Leave out the images; return the rest of the data exactly.

### RECORDS
▬▬▬

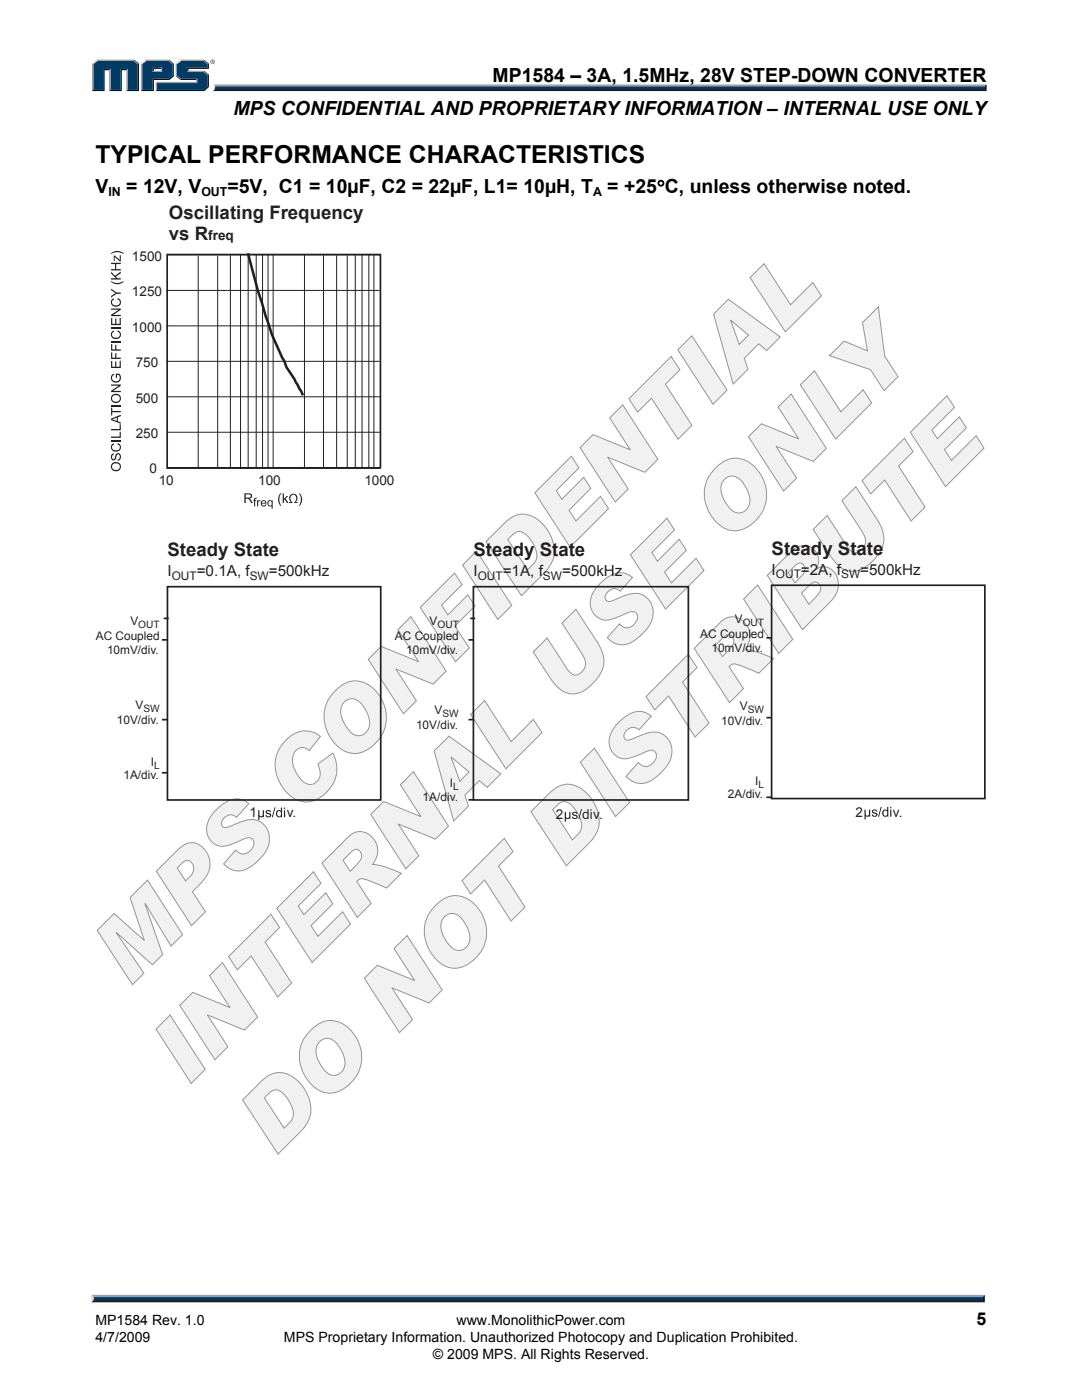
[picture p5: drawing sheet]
<svg xmlns="http://www.w3.org/2000/svg" width="216mm" height="279mm" viewBox="0 0 216 279" stroke-linecap="round" stroke-linejoin="round" font-family="sans-serif">
<g fill="#f1f1f2">
<path d="M29.4 175.6l7 10.9-2.3 2.3-5.1-8.5 3.4 10.2-2 2-7.2-6.4 5.5 8.1-2.3 2.3-7-10.8 3.4-3.4 6 5.3-2.9-8.5z"/>
<path d="M43.2 161.6a5.2 5.2 0 0 1 5.1-2l1.3 .8-2.4 2.7a1.79 1.79 0 0 0-2-.2 1.79 1.79 0 0 0-.9 1.9l.3 .3 .4 .1 1.5-.5a7.1 7.1 0 0 1 4.8-1 4.2 4.2 0 0 1 1.2 6.9 8 8 0 0 1-4.7 3.2 3.9 3.9 0 0 1-3.2-1.4l2.4-2.8a2.06 2.06 0 0 0 2.5 .6 2.06 2.06 0 0 0 1.1-2.3l-.2-.4-.5-.3-.9 .1a15.1 15.1 0 0 1-4.8 1.6 3.6 3.6 0 0 1-2.3-5.8z"/>
<path d="M57.1 147.7a4.9 4.9 0 0 1 6.8-.7l-2.2 2.8a1.94 1.94 0 0 0-2.2-.4 1.94 1.94 0 0 0-1.1 1.9 5.8 5.8 0 0 0 3 5.2 2.19 2.19 0 0 0 2.1-.8 2.19 2.19 0 0 0 .2-2.3l-.3-.9 3-2.2a6.6 6.6 0 0 1-5.3 9.8 6.7 6.7 0 0 1-5.7-5 6.7 6.7 0 0 1 1.7-7.4z"/>
<path d="M82 123.1l7 10.8-2.6 2.6-7.4-2.9 4.1 6.3-2.6 2.5-7-10.8 2.6-2.6 7.4 3-4.1-6.3z"/>
<path d="M90.7 114.4l1.5 2.3-4.1 4.1 1.3 1.9 4-4 1.4 2.2-4 4 2.8 4.4-2.7 2.8-7-10.9z"/>
<path d="M95.1 110l7 10.8-2.8 2.8-7-10.8z"/>
<path d="M114 91.1l1.5 2.3-4.5 4.5 1.1 1.7 4.4-4.3 1.4 2.2-4.4 4.3 1.4 2.2 4.9-4.9 1.6 2.4-7.6 7.7-7.1-10.9z"/>
<path d="M124.3 80.8l7 10.9-2.6 2.6-7.4-3 4 6.3-2.5 2.6-7.1-10.9 2.6-2.6 7.4 3-4-6.3z"/>
<path d="M133.9 71.1l1.8 2.7-2.9 2.9 5.3 8.2-2.8 2.8-5.3-8.2-2.8 2.7-1.7-2.6z"/>
<path d="M138.1 67l7 10.9-2.8 2.8-7-10.9z"/>
<path d="M152.4 52.6l5.4 8.2 4.4-4.4 1.7 2.6-7.2 7.2-7-10.8z"/>
<path d="M33.9 202.6l7.1 10.8-2.8 2.8-7.1-10.8z"/>
<path d="M44.4 192.1l7 10.9-2.6 2.6-7.4-3 4.1 6.3-2.6 2.6-7-10.9 2.6-2.5 7.4 2.9-4.1-6.3z"/>
<path d="M54.1 182.5l1.7 2.6-2.9 2.9 5.3 8.2-2.8 2.8-5.3-8.2-2.8 2.8-1.7-2.7z"/>
<path d="M62.5 174l1.6 2.3-4.6 4.5 1.1 1.7 4.4-4.3 1.4 2.2-4.3 4.3 1.3 2.2 5-4.9 1.5 2.4-7.6 7.7-7-10.8z"/>
<path d="M82.5 154l7 10.9-2.6 2.6-7.4-3 4.1 6.3-2.6 2.6-7-10.9 2.6-2.5 7.4 2.9-4.1-6.3z"/>
<path d="M96.7 139.8l5.3 8.2 4.4-4.4 1.7 2.6-7.2 7.2-7-10.8z"/>
<path d="M112.1 124.4l2.8-2.8 4.3 6.5a5.7 5.7 0 0 1 .5 6.5 7.3 7.3 0 0 1-5.3 3.9 5.6 5.6 0 0 1-4.6-3.1l-3.4-5.3 2.8-2.8 4.1 6.3a1.69 1.69 0 0 0 1.5 1.1 1.69 1.69 0 0 0 1.6-1 2.78 2.78 0 0 0-.4-3.4z"/>
<path d="M119.7 116.5a5.2 5.2 0 0 1 5.2-2l1.3 .7-2.4 2.8a1.79 1.79 0 0 0-2.1-.2 1.79 1.79 0 0 0-.9 1.8l.3 .4h.5l1.5-.5a7.1 7.1 0 0 1 4.7-.9 4.2 4.2 0 0 1 1.3 6.9 8 8 0 0 1-4.7 3.2 3.9 3.9 0 0 1-3.2-1.4l2.4-2.8a2.06 2.06 0 0 0 2.5 .5 2.06 2.06 0 0 0 1.1-2.2l-.3-.5-.4-.2-.9 .1a15.1 15.1 0 0 1-4.8 1.6 3.6 3.6 0 0 1-2.3-5.8z"/>
<path d="M133.1 103.4l1.5 2.3-4.5 4.6 1.1 1.7 4.3-4.4 1.4 2.2-4.3 4.4 1.4 2.1 4.9-4.9 1.6 2.5-7.7 7.7-7-10.9z"/>
<path d="M157.9 78.6l7 10.9-2.6 2.6-7.4-3 4.1 6.3-2.6 2.6-7.1-10.8 2.6-2.6 7.5 3-4.1-6.4z"/>
<path d="M162.5 74l5.3 8.2 4.4-4.4 1.7 2.6-7.2 7.2-7-10.8z"/>
<path d="M175.3 61.2l1.2 9.9 2.7 4.1-2.8 2.8-2.7-4.2-8.2-2.8 2.9-2.9 4.7 1.9-1-5.6z"/>
<path d="M81.2 186.7l7 10.9-2.6 2.6-7.3-3 4 6.3-2.6 2.6-7-10.9 2.6-2.6 7.4 3-4.1-6.3z"/>
<path d="M100.6 167.3l1.8 2.7-2.9 2.9 5.3 8.1-2.8 2.8-5.3-8.2-2.8 2.8-1.7-2.7z"/>
<path d="M118.6 149.3l7 10.9-2.8 2.8-7-10.9z"/>
<path d="M123.5 144.1a5.2 5.2 0 0 1 5.1-1.9l1.4 .7-2.5 2.8a1.79 1.79 0 0 0-2-.2 1.79 1.79 0 0 0-.9 1.8l.3 .3 .5 .1 1.5-.5a7.1 7.1 0 0 1 4.7-1 4.2 4.2 0 0 1 1.2 7 8 8 0 0 1-4.7 3.2 3.9 3.9 0 0 1-3.2-1.5l2.4-2.7a2.06 2.06 0 0 0 2.5 .5 2.06 2.06 0 0 0 1.1-2.3l-.2-.4-.5-.2-.9 .1a15.1 15.1 0 0 1-4.8 1.5 3.6 3.6 0 0 1-2.3-5.7z"/>
<path d="M137.3 130.6l1.8 2.6-2.9 2.9 5.3 8.2-2.8 2.8-5.3-8.2-2.8 2.8-1.7-2.7z"/>
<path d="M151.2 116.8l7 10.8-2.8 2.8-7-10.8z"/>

▬▬▬

### RESPONSE AREA
[picture p5: drawing sheet]
<svg xmlns="http://www.w3.org/2000/svg" width="216mm" height="279mm" viewBox="0 0 216 279" stroke-linecap="round" stroke-linejoin="round" font-family="sans-serif">
<g fill="#f1f1f2">
<path d="M29.4 175.6l7 10.9-2.3 2.3-5.1-8.5 3.4 10.2-2 2-7.2-6.4 5.5 8.1-2.3 2.3-7-10.8 3.4-3.4 6 5.3-2.9-8.5z"/>
<path d="M43.2 161.6a5.2 5.2 0 0 1 5.1-2l1.3 .8-2.4 2.7a1.79 1.79 0 0 0-2-.2 1.79 1.79 0 0 0-.9 1.9l.3 .3 .4 .1 1.5-.5a7.1 7.1 0 0 1 4.8-1 4.2 4.2 0 0 1 1.2 6.9 8 8 0 0 1-4.7 3.2 3.9 3.9 0 0 1-3.2-1.4l2.4-2.8a2.06 2.06 0 0 0 2.5 .6 2.06 2.06 0 0 0 1.1-2.3l-.2-.4-.5-.3-.9 .1a15.1 15.1 0 0 1-4.8 1.6 3.6 3.6 0 0 1-2.3-5.8z"/>
<path d="M57.1 147.7a4.9 4.9 0 0 1 6.8-.7l-2.2 2.8a1.94 1.94 0 0 0-2.2-.4 1.94 1.94 0 0 0-1.1 1.9 5.8 5.8 0 0 0 3 5.2 2.19 2.19 0 0 0 2.1-.8 2.19 2.19 0 0 0 .2-2.3l-.3-.9 3-2.2a6.6 6.6 0 0 1-5.3 9.8 6.7 6.7 0 0 1-5.7-5 6.7 6.7 0 0 1 1.7-7.4z"/>
<path d="M82 123.1l7 10.8-2.6 2.6-7.4-2.9 4.1 6.3-2.6 2.5-7-10.8 2.6-2.6 7.4 3-4.1-6.3z"/>
<path d="M90.7 114.4l1.5 2.3-4.1 4.1 1.3 1.9 4-4 1.4 2.2-4 4 2.8 4.4-2.7 2.8-7-10.9z"/>
<path d="M95.1 110l7 10.8-2.8 2.8-7-10.8z"/>
<path d="M114 91.1l1.5 2.3-4.5 4.5 1.1 1.7 4.4-4.3 1.4 2.2-4.4 4.3 1.4 2.2 4.9-4.9 1.6 2.4-7.6 7.7-7.1-10.9z"/>
<path d="M124.3 80.8l7 10.9-2.6 2.6-7.4-3 4 6.3-2.5 2.6-7.1-10.9 2.6-2.6 7.4 3-4-6.3z"/>
<path d="M133.9 71.1l1.8 2.7-2.9 2.9 5.3 8.2-2.8 2.8-5.3-8.2-2.8 2.7-1.7-2.6z"/>
<path d="M138.1 67l7 10.9-2.8 2.8-7-10.9z"/>
<path d="M152.4 52.6l5.4 8.2 4.4-4.4 1.7 2.6-7.2 7.2-7-10.8z"/>
<path d="M33.9 202.6l7.1 10.8-2.8 2.8-7.1-10.8z"/>
<path d="M44.4 192.1l7 10.9-2.6 2.6-7.4-3 4.1 6.3-2.6 2.6-7-10.9 2.6-2.5 7.4 2.9-4.1-6.3z"/>
<path d="M54.1 182.5l1.7 2.6-2.9 2.9 5.3 8.2-2.8 2.8-5.3-8.2-2.8 2.8-1.7-2.7z"/>
<path d="M62.5 174l1.6 2.3-4.6 4.5 1.1 1.7 4.4-4.3 1.4 2.2-4.3 4.3 1.3 2.2 5-4.9 1.5 2.4-7.6 7.7-7-10.8z"/>
<path d="M82.5 154l7 10.9-2.6 2.6-7.4-3 4.1 6.3-2.6 2.6-7-10.9 2.6-2.5 7.4 2.9-4.1-6.3z"/>
<path d="M96.7 139.8l5.3 8.2 4.4-4.4 1.7 2.6-7.2 7.2-7-10.8z"/>
<path d="M112.1 124.4l2.8-2.8 4.3 6.5a5.7 5.7 0 0 1 .5 6.5 7.3 7.3 0 0 1-5.3 3.9 5.6 5.6 0 0 1-4.6-3.1l-3.4-5.3 2.8-2.8 4.1 6.3a1.69 1.69 0 0 0 1.5 1.1 1.69 1.69 0 0 0 1.6-1 2.78 2.78 0 0 0-.4-3.4z"/>
<path d="M119.7 116.5a5.2 5.2 0 0 1 5.2-2l1.3 .7-2.4 2.8a1.79 1.79 0 0 0-2.1-.2 1.79 1.79 0 0 0-.9 1.8l.3 .4h.5l1.5-.5a7.1 7.1 0 0 1 4.7-.9 4.2 4.2 0 0 1 1.3 6.9 8 8 0 0 1-4.7 3.2 3.9 3.9 0 0 1-3.2-1.4l2.4-2.8a2.06 2.06 0 0 0 2.5 .5 2.06 2.06 0 0 0 1.1-2.2l-.3-.5-.4-.2-.9 .1a15.1 15.1 0 0 1-4.8 1.6 3.6 3.6 0 0 1-2.3-5.8z"/>
<path d="M133.1 103.4l1.5 2.3-4.5 4.6 1.1 1.7 4.3-4.4 1.4 2.2-4.3 4.4 1.4 2.1 4.9-4.9 1.6 2.5-7.7 7.7-7-10.9z"/>
<path d="M157.9 78.6l7 10.9-2.6 2.6-7.4-3 4.1 6.3-2.6 2.6-7.1-10.8 2.6-2.6 7.5 3-4.1-6.4z"/>
<path d="M162.5 74l5.3 8.2 4.4-4.4 1.7 2.6-7.2 7.2-7-10.8z"/>
<path d="M175.3 61.2l1.2 9.9 2.7 4.1-2.8 2.8-2.7-4.2-8.2-2.8 2.9-2.9 4.7 1.9-1-5.6z"/>
<path d="M81.2 186.7l7 10.9-2.6 2.6-7.3-3 4 6.3-2.6 2.6-7-10.9 2.6-2.6 7.4 3-4.1-6.3z"/>
<path d="M100.6 167.3l1.8 2.7-2.9 2.9 5.3 8.1-2.8 2.8-5.3-8.2-2.8 2.8-1.7-2.7z"/>
<path d="M118.6 149.3l7 10.9-2.8 2.8-7-10.9z"/>
<path d="M123.5 144.1a5.2 5.2 0 0 1 5.1-1.9l1.4 .7-2.5 2.8a1.79 1.79 0 0 0-2-.2 1.79 1.79 0 0 0-.9 1.8l.3 .3 .5 .1 1.5-.5a7.1 7.1 0 0 1 4.7-1 4.2 4.2 0 0 1 1.2 7 8 8 0 0 1-4.7 3.2 3.9 3.9 0 0 1-3.2-1.5l2.4-2.7a2.06 2.06 0 0 0 2.5 .5 2.06 2.06 0 0 0 1.1-2.3l-.2-.4-.5-.2-.9 .1a15.1 15.1 0 0 1-4.8 1.5 3.6 3.6 0 0 1-2.3-5.7z"/>
<path d="M137.3 130.6l1.8 2.6-2.9 2.9 5.3 8.2-2.8 2.8-5.3-8.2-2.8 2.8-1.7-2.7z"/>
<path d="M151.2 116.8l7 10.8-2.8 2.8-7-10.8z"/>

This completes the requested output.